I have been professionally tutoring a wide range of students (from elementary school through graduate school) for many years. Most of them are from the United States. I generally focus on helping my students develop procedural fluency built on a conceptual foundation (i.e. "now I can do the thing and I won't forget how to do the thing because I understand what it is and why it's useful"). I think that a conceptual understanding is very important but only because it serves a utilitarian purpose of helping students remember methods and feel empowered as they work. With this is mind, I happen to think that knowing how to add, subtract, multiply, and divide by hand is important. However, I am beginning to think that perhaps I am simply biased because of my upbringing, and that such things really aren't valuable anymore.
The vast majority of my students are younger than 20 years old, and the way they've been taught math is almost unrecognizable to me. Most of them have (for as long as I've known them) never taken a math or science test during which a calculator wasn't explicitly allowed. As a predictable result, they rely on their calculators to do all calculations. I suspect that most of them could rattle off some of the times tables if their life actually depended on it, but I've seen all of them type single digit multiplication and addition problems into their calculators. I know for a fact that many of them never learned the old trick for multiplying by 10 (you know, putting a zero at the end), and almost none of them know how to check for divisibility above 2. On top of that, my grade school and middle school students generally don't remember any method for conveniently adding, subtracting, or multiplying by hand. Some of them can multiply by drawing boxes or number lines, but the ones who can don't understand what they are doing.
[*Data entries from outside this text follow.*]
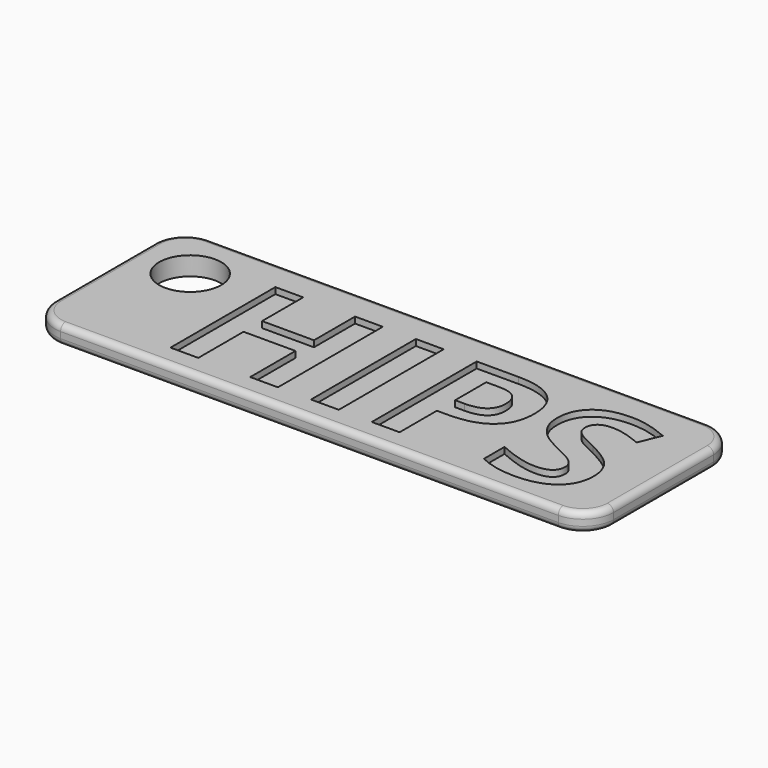
from build123d import *

# Parameters (mm, degrees)
F0_W         = 90
F0_H         = 30
F1_DEPTH     = 3
F2_R         = 1
F3_T1_DEPTH  = 3
F3_T4_ANGLE  = 90
F3_T6_ANGLE  = 90
F3_T8_ANGLE  = 90
F3_T10_ANGLE = 90
F3_T12_ANGLE = 90
F3_T14_ANGLE = 90
F3_T16_ANGLE = 90
F3_T18_ANGLE = 90
F4_R         = 5
F5_DEPTH     = 3
F6_TEXT_SIZE = 29.5612009238
F7_DEPTH     = 1


# Not quite as in the source:
# - a fillet or chamfer that OpenCascade refuses, or shapes differently, is made with other operations: its cross-section is extruded or revolved along the edge and cut away or added
# - Text() gives the source's letters only with a copy of the font that has no kerning and outlines rounded to 1/6400 em; it was checked with that copy


with BuildPart() as f1:
    # F0 (on Top) → F1 (new body)
    with BuildSketch(Plane.XY):
        Rectangle(F0_W, F0_H)
    extrude(amount=F1_DEPTH)

    # F2
    f2_edges = [f1.edges().sort_by_distance(p)[0] for p in [
        (0, 15, 3),
        (-45, 0, 3),
        (0, -15, 3),
        (45, 0, 3),
        (0, 15, 0),
        (-45, 0, 0),
        (0, -15, 0),
        (45, 0, 0),
    ]]
    fillet(f2_edges, radius=F2_R)

    # F3: fillet of radius 5 on 4 edges, made by hand

    # F3_s2 → F3_t1 (cut)
    with BuildSketch(Plane.XY):
        with BuildLine():
            ThreePointArc((45.0004, -9.9990343146), (43.5355339059, -13.5355339059), (39.9990343146, -15.0004))
            Line((39.9990343146, -15.0004), (39.9990343146, -15.5005365685))
            ThreePointArc((39.9990343146, -15.5005365685), (42.4995171573, -15.5001365685), (45, -15.5001365685))
            Line((45, -15.5001365685), (45.5001365685, -15))
            ThreePointArc((45.5001365685, -15), (45.5001365685, -12.4995171573), (45.5005365685, -9.9990343146))
            Line((45.5005365685, -9.9990343146), (45.0004, -9.9990343146))
        make_face()
        with BuildLine():
            ThreePointArc((39.9990343146, 15.0004), (43.5355339059, 13.5355339059), (45.0004, 9.9990343146))
            Line((45.0004, 9.9990343146), (45.5005365685, 9.9990343146))
            ThreePointArc((45.5005365685, 9.9990343146), (45.5001365685, 12.4995171573), (45.5001365685, 15))
            Line((45.5001365685, 15), (45, 15.5001365685))
            ThreePointArc((45, 15.5001365685), (42.4995171573, 15.5001365685), (39.9990343146, 15.5005365685))
            Line((39.9990343146, 15.5005365685), (39.9990343146, 15.0004))
        make_face()
        with BuildLine():
            ThreePointArc((-39.9990343146, 15.0004), (-43.5355339059, 13.5355339059), (-45.0004, 9.9990343146))
            Line((-45.0004, 9.9990343146), (-45.5005365685, 9.9990343146))
            ThreePointArc((-45.5005365685, 9.9990343146), (-45.5001365685, 12.4995171573), (-45.5001365685, 15))
            Line((-45.5001365685, 15), (-45, 15.5001365685))
            ThreePointArc((-45, 15.5001365685), (-42.4995171573, 15.5001365685), (-39.9990343146, 15.5005365685))
            Line((-39.9990343146, 15.5005365685), (-39.9990343146, 15.0004))
        make_face()
        with BuildLine():
            ThreePointArc((-45.0004, -9.9990343146), (-43.5355339059, -13.5355339059), (-39.9990343146, -15.0004))
            Line((-39.9990343146, -15.0004), (-39.9990343146, -15.5005365685))
            ThreePointArc((-39.9990343146, -15.5005365685), (-42.4995171573, -15.5001365685), (-45, -15.5001365685))
            Line((-45, -15.5001365685), (-45.5001365685, -15))
            ThreePointArc((-45.5001365685, -15), (-45.5001365685, -12.4995171573), (-45.5005365685, -9.9990343146))
            Line((-45.5005365685, -9.9990343146), (-45.0004, -9.9990343146))
        make_face()
    extrude(amount=F3_T1_DEPTH, mode=Mode.SUBTRACT)

    # F3_s3 → F3_t4 (revolve, cut)
    with BuildSketch(Plane.YZ.offset(-39.9990343146)):
        with BuildLine():
            ThreePointArc((-14.0004, 0), (-14.7075067812, 0.2928932188), (-15.0004, 1))
            Line((-15.0004, 1), (-15.0004, 0))
            Line((-15.0004, 0), (-14.0004, 0))
        make_face()
    revolve(axis=Axis((-39.9990343146, -9.9990343146, 0), (0, 0, -1)), revolution_arc=F3_T4_ANGLE, mode=Mode.SUBTRACT)

    # F3_s5 → F3_t6 (revolve, cut)
    with BuildSketch(Plane.XZ.offset(9.9990343146)):
        with BuildLine():
            ThreePointArc((-44.0004, 3), (-44.7075067812, 2.7071067812), (-45.0004, 2))
            Line((-45.0004, 2), (-45.0004, 3))
            Line((-45.0004, 3), (-44.0004, 3))
        make_face()
    revolve(axis=Axis((-39.9990343146, -9.9990343146, 3), (0, 0, 1)), revolution_arc=F3_T6_ANGLE, mode=Mode.SUBTRACT)

    # F3_s7 → F3_t8 (revolve, cut)
    with BuildSketch(Plane.XZ.offset(-9.9990343146)):
        with BuildLine():
            ThreePointArc((-44.0004, 0), (-44.7075067812, 0.2928932188), (-45.0004, 1))
            Line((-45.0004, 1), (-45.0004, 0))
            Line((-45.0004, 0), (-44.0004, 0))
        make_face()
    revolve(axis=Axis((-39.9990343146, 9.9990343146, 0), (0, 0, -1)), revolution_arc=F3_T8_ANGLE, mode=Mode.SUBTRACT)

    # F3_s9 → F3_t10 (revolve, cut)
    with BuildSketch(Plane.YZ.offset(-39.9990343146)):
        with BuildLine():
            ThreePointArc((14.0004, 3), (14.7075067812, 2.7071067812), (15.0004, 2))
            Line((15.0004, 2), (15.0004, 3))
            Line((15.0004, 3), (14.0004, 3))
        make_face()
    revolve(axis=Axis((-39.9990343146, 9.9990343146, 3), (0, 0, 1)), revolution_arc=F3_T10_ANGLE, mode=Mode.SUBTRACT)

    # F3_s11 → F3_t12 (revolve, cut)
    with BuildSketch(Plane.YZ.offset(39.9990343146)):
        with BuildLine():
            ThreePointArc((14.0004, 0), (14.7075067812, 0.2928932188), (15.0004, 1))
            Line((15.0004, 1), (15.0004, 0))
            Line((15.0004, 0), (14.0004, 0))
        make_face()
    revolve(axis=Axis((39.9990343146, 9.9990343146, 0), (0, 0, -1)), revolution_arc=F3_T12_ANGLE, mode=Mode.SUBTRACT)

    # F3_s13 → F3_t14 (revolve, cut)
    with BuildSketch(Plane.XZ.offset(-9.9990343146)):
        with BuildLine():
            ThreePointArc((44.0004, 3), (44.7075067812, 2.7071067812), (45.0004, 2))
            Line((45.0004, 2), (45.0004, 3))
            Line((45.0004, 3), (44.0004, 3))
        make_face()
    revolve(axis=Axis((39.9990343146, 9.9990343146, 3), (0, 0, 1)), revolution_arc=F3_T14_ANGLE, mode=Mode.SUBTRACT)

    # F3_s15 → F3_t16 (revolve, cut)
    with BuildSketch(Plane.XZ.offset(9.9990343146)):
        with BuildLine():
            ThreePointArc((44.0004, 0), (44.7075067812, 0.2928932188), (45.0004, 1))
            Line((45.0004, 1), (45.0004, 0))
            Line((45.0004, 0), (44.0004, 0))
        make_face()
    revolve(axis=Axis((39.9990343146, -9.9990343146, 0), (0, 0, -1)), revolution_arc=F3_T16_ANGLE, mode=Mode.SUBTRACT)

    # F3_s17 → F3_t18 (revolve, cut)
    with BuildSketch(Plane.YZ.offset(39.9990343146)):
        with BuildLine():
            ThreePointArc((-14.0004, 3), (-14.7075067812, 2.7071067812), (-15.0004, 2))
            Line((-15.0004, 2), (-15.0004, 3))
            Line((-15.0004, 3), (-14.0004, 3))
        make_face()
    revolve(axis=Axis((39.9990343146, -9.9990343146, 3), (0, 0, 1)), revolution_arc=F3_T18_ANGLE, mode=Mode.SUBTRACT)

    # F4 (on face) → F5 (cut)
    with BuildSketch(Plane.XY.offset(3)):
        with Locations((-36, 6)):
            Circle(F4_R)
    extrude(amount=-F5_DEPTH, mode=Mode.SUBTRACT)

    # F6 (on face) → F7 (cut)
    with BuildSketch(Plane.XY.offset(3)):
        with Locations((-28, -11.2840646651)):
            Text('HIPS', F6_TEXT_SIZE, font='Open Sans', font_style=FontStyle.BOLD, text_align=(TextAlign.LEFT, TextAlign.BOTTOM))
    extrude(amount=-F7_DEPTH, mode=Mode.SUBTRACT)


solid = f1.part

For older students, we generally have bigger problems and more abstract topics to tackle, but for my youngest students (4th - 8th grade), I try to encourage them to develop a familiarity with the simplest forms of by-hand addition, subtraction, and multiplication (you know: one number on top of the other, carry the 2, etc.). While the methods are usually familiar to them, this sort of encouragement generally goes nowhere because their teachers don't care and because they always have either a dedicated calculator or their phone handy.
I tell students that calculators aren't always allowed (maybe that's not true anymore). I tell them that knowing is faster than typing it in (the difference is admittedly minimal). I remind them that different calculators have different syntaxes, so it's important to have a way to do it by hand if only to check the calculator (true, but not persuasive). I even joke that the world might end, and they'll need math when the electrical grid goes down (they remind me that their calculator has a little solar panel on it).
Truthfully, it's depressing, and what's worse, I'm not sure I'm convinced anymore either. I mean, I don't know any convenient algorithms for computing square roots or logarithms by hand but that never held me back.
So, to restate the question, is there actually any demonstrable, practical value in learning to add, subtract, multiply, and divide by hand (even if the reason might not be persuasive to a 10-year-old)?